Drawn-to-scale offers an SQL-on-HBase solution called Spire. Spire is modeled after Google's F1, which means it is a full SQL solution -- not just optimized analytics queries. This week, they announced that they've implemented a mongodb query-processor for spire, which is a drop-in replacement for mongodb. And with spire, you can gain the ability to make SQL queries over your mongo data and run MapReduce jobs over the underlying data stored in HBase.
http://drawntoscale.com/announcing-spire-for-mongo/
WebHDFS, which provides a REST API to HDFS, is available in many Hadoop distributions. We've seen a number of implementations pop up for non-jvm languages, and the latest is a version for Perl and is available on CPAN. It supports both insecure and secure deploys.
https://github.com/opsmekanix/Apache-Hadoop-WebHDFS
Pydoop 0.9.0 was released with support for CDH 4.1.2 and Apache Hadoop 1.1.2. It also supports the new parcel format for Cloudera Manager.
http://pydoop.sourceforge.net/docs/news.html
Cloudera has introduced a new suite of machine learning tools called Cloudera ML. The tools are focusing on k-means clustering to start with, and include MapReduce jobs to evaluate the quality of the generated clusters on the full data set. Future works includes HCatalog/Hive integration, support for pivot tables, and ensemble classifiers.
http://blog.cloudera.com/blog/2013/03/cloudera_ml_data_science_tools/ https://github.com/cloudera/ml
Chronos is AirBnB's workflow and scheduling framework. They call it a replacement for cron, but it is much more than that -- it runs on Mesos, can execute arbitrary shell/bash, and also includes a UI for CRUD operations on jobs in the system. All operations are exposed via a REST api, and they have examples with curl from the command line.
http://airbnb.github.com/chronos/
Datastax has released version 3.0 of OpsCenter Enterprise, its management software for Cassandra. This version has a number of new features, such as visual cluster creation and management and DSE security and encryption.

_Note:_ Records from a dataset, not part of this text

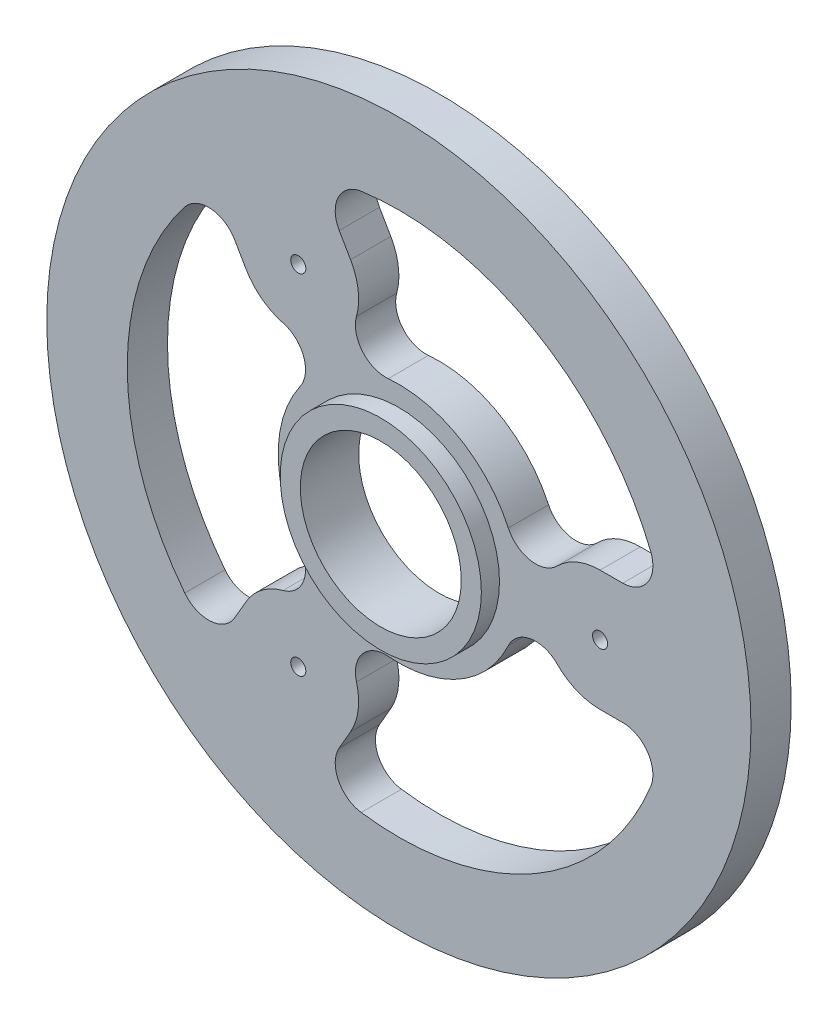
from build123d import *

# Parameters (mm, degrees)
M1X0_25_1_D         = 0.75
CUT_EXTRUDE_START   = -2
CUT_EXTRUDE_1_DEPTH = 2
FILLET_1_R          = 1.5


# Read off the part's stored shape, not the designer's step: ｶｯﾄ - 押し出し1
with BuildPart() as part:
    # ｽｹｯﾁ1 → 回転1 (revolve)
    with BuildSketch(Plane(origin=(0, 0, 0), x_dir=(0, 0, -1), z_dir=(1, 0, 0)), mode=Mode.PRIVATE) as revolve_1_sk:
        Polygon((0, 4), (2.9, 4), (2.9, 17.5), (0.9, 17.5), (0.9, 5), (0, 5), align=None)
    revolve(revolve_1_sk.sketch.rotate(Axis((0, 0, 0), (0, 0, -1)), 90), axis=Axis((0, 0, 0), (0, 0, -1)))

    # M1x0.25 ねじ穴1 (through all)
    with Locations(Plane.XY.offset(-0.9)):
        with Locations((9.999999803, 0), (-5, 8.660254038), (-5.000000098, -8.660253981)):
            Hole(M1X0_25_1_D / 2)

    # ｶｯﾄ - 押し出し1 outline → ｶｯﾄ - 押し出し1 (cut)
    with BuildSketch(Plane.XY.offset(-0.9).offset(CUT_EXTRUDE_START)):
        with BuildLine():
            ThreePointArc((-4.91198547, -3.445634737), (-6, 0), (-4.91198547, 3.445634737))
            ThreePointArc((-4.91198547, 3.445634737), (-4.731685773, 4.823475601), (-5.759987903, 5.758113582))
            ThreePointArc((-5.759987903, 5.758113582), (-6.819518607, 6.275017773), (-7.598076211, 7.160254038))
            Line((-7.598076211, 7.160254038), (-9.179299502, 9.899013115))
            ThreePointArc((-9.179299502, 9.899013115), (-13.5, 8.7e-08), (-9.17929963, -9.899012996))
            Line((-9.17929963, -9.899012996), (-7.59807631, -7.160253868))
            ThreePointArc((-7.59807631, -7.160253868), (-6.819518691, -6.275017592), (-5.759987933, -5.758113538))
            ThreePointArc((-5.759987933, -5.758113538), (-4.731685776, -4.823475609), (-4.91198547, -3.445634737))
        make_face()
        with BuildLine():
            ThreePointArc((5.43999995, -2.531086831), (3, -5.196152423), (-0.52801448, -5.976721569))
            ThreePointArc((-0.52801448, -5.976721569), (-1.811409498, -6.509497859), (-2.106678705, -7.86735258))
            ThreePointArc((-2.106678705, -7.86735258), (-2.024565604, -9.043385134), (-2.401923887, -10.160253868))
            Line((-2.401923887, -10.160253868), (-3.983147246, -12.899013064))
            ThreePointArc((-3.983147246, -12.899013064), (6.749999924, -11.691342995), (13.162446581, -3))
            Line((13.162446581, -3), (9.999999803, -3))
            ThreePointArc((9.999999803, -3), (8.84408395, -2.768367486), (7.866666559, -2.109239026))
            ThreePointArc((7.866666559, -2.109239026), (6.543095269, -1.686022286), (5.43999995, -2.531086831))
        make_face()
        with BuildLine():
            ThreePointArc((-0.52801448, 5.976721569), (3, 5.196152423), (5.43999995, 2.531086831))
            ThreePointArc((5.43999995, 2.531086831), (6.543095269, 1.686022286), (7.866666559, 2.109239026))
            ThreePointArc((7.866666559, 2.109239026), (8.84408395, 2.768367486), (9.999999803, 3))
            Line((9.999999803, 3), (13.162446581, 3))
            ThreePointArc((13.162446581, 3), (6.75, 11.691342951), (-3.983147079, 12.899013115))
            Line((-3.983147079, 12.899013115), (-2.401923789, 10.160254038))
            ThreePointArc((-2.401923789, 10.160254038), (-2.024565497, 9.043385242), (-2.106678823, 7.867352678))
            ThreePointArc((-2.106678823, 7.867352678), (-1.811409518, 6.509497883), (-0.52801448, 5.976721569))
        make_face()
    extrude(amount=CUT_EXTRUDE_1_DEPTH, mode=Mode.SUBTRACT)

    # ﾌｨﾚｯﾄ1
    fillet_1_edges = [part.edges().sort_by_distance(p)[0] for p in [
        (-9.17929963, -9.899012996, -1.9),
        (-9.179299502, 9.899013115, -1.9),
        (-3.983147079, 12.899013115, -1.9),
        (13.162446581, 3, -1.9),
        (13.162446581, -3, -1.9),
        (-3.983147246, -12.899013064, -1.9),
    ]]
    fillet(fillet_1_edges, radius=FILLET_1_R)


solid = part.part

It also contains a number of bug fixes.
http://www.datastax.com/docs/opscenter/release_notes#id1
Voldemort 1.3 was released. Improvements in this release include a new storage layer, better read-only performance, and monitoring & admin APIs enhancements. New features include avro and kerberos support.
http://engineering.linkedin.com/voldemort/announcing-voldemort-13-open-source-release
HDP 2.0 alpha 2 was announced. HDP 2.0 is built from the Apache Hadoop 2.0 branch, which means it is based upon Apache YARN. The alpha 2 release has two major new features -- the introduction of Apache Tez to the stack and improvements to Apache Hive (see link to Hortonworks blog post about some of these improvements above). Tez is not enabled by default, but there are instructions to enable it as part of the documentation guide.
White Elephant is a system for analyzing Job Tracker history logs to analyze cluster utilization. It can be used for schedule planning (to find times the cluster is under utilized), capacity planning, and billing. It includes scripts to upload logs, MapReduce jobs to analyze and aggregate the logs, and a server to view the aggregate statistics.
http://engineering.linkedin.com/hadoop/white-elephant-hadoop-tool-you-never-knew-you-needed
AMP (from UC Berkeley) has started "AMP Camp Big Data Mini Course" which is an online tutorial/course for setting up and running through some examples with the Hadoop stack. The course focuses on Spark, the distributed computation engine that supports data caching and is written in scala (Spark also has an SQL interface called Shark).
http://ampcamp.berkeley.edu/big-data-mini-course/
Concurrent, the makers of Cascading and Lingual, have raised 4 million in Series A funding and appointed a new CEO.
MapR, the maker of MapR Distribution for Hadoop (M3, M5 and M7) and the original proponent of Apache Drill, announced it that it has raised $30 million in additional funding. This brings MapR's total funding to $59 million.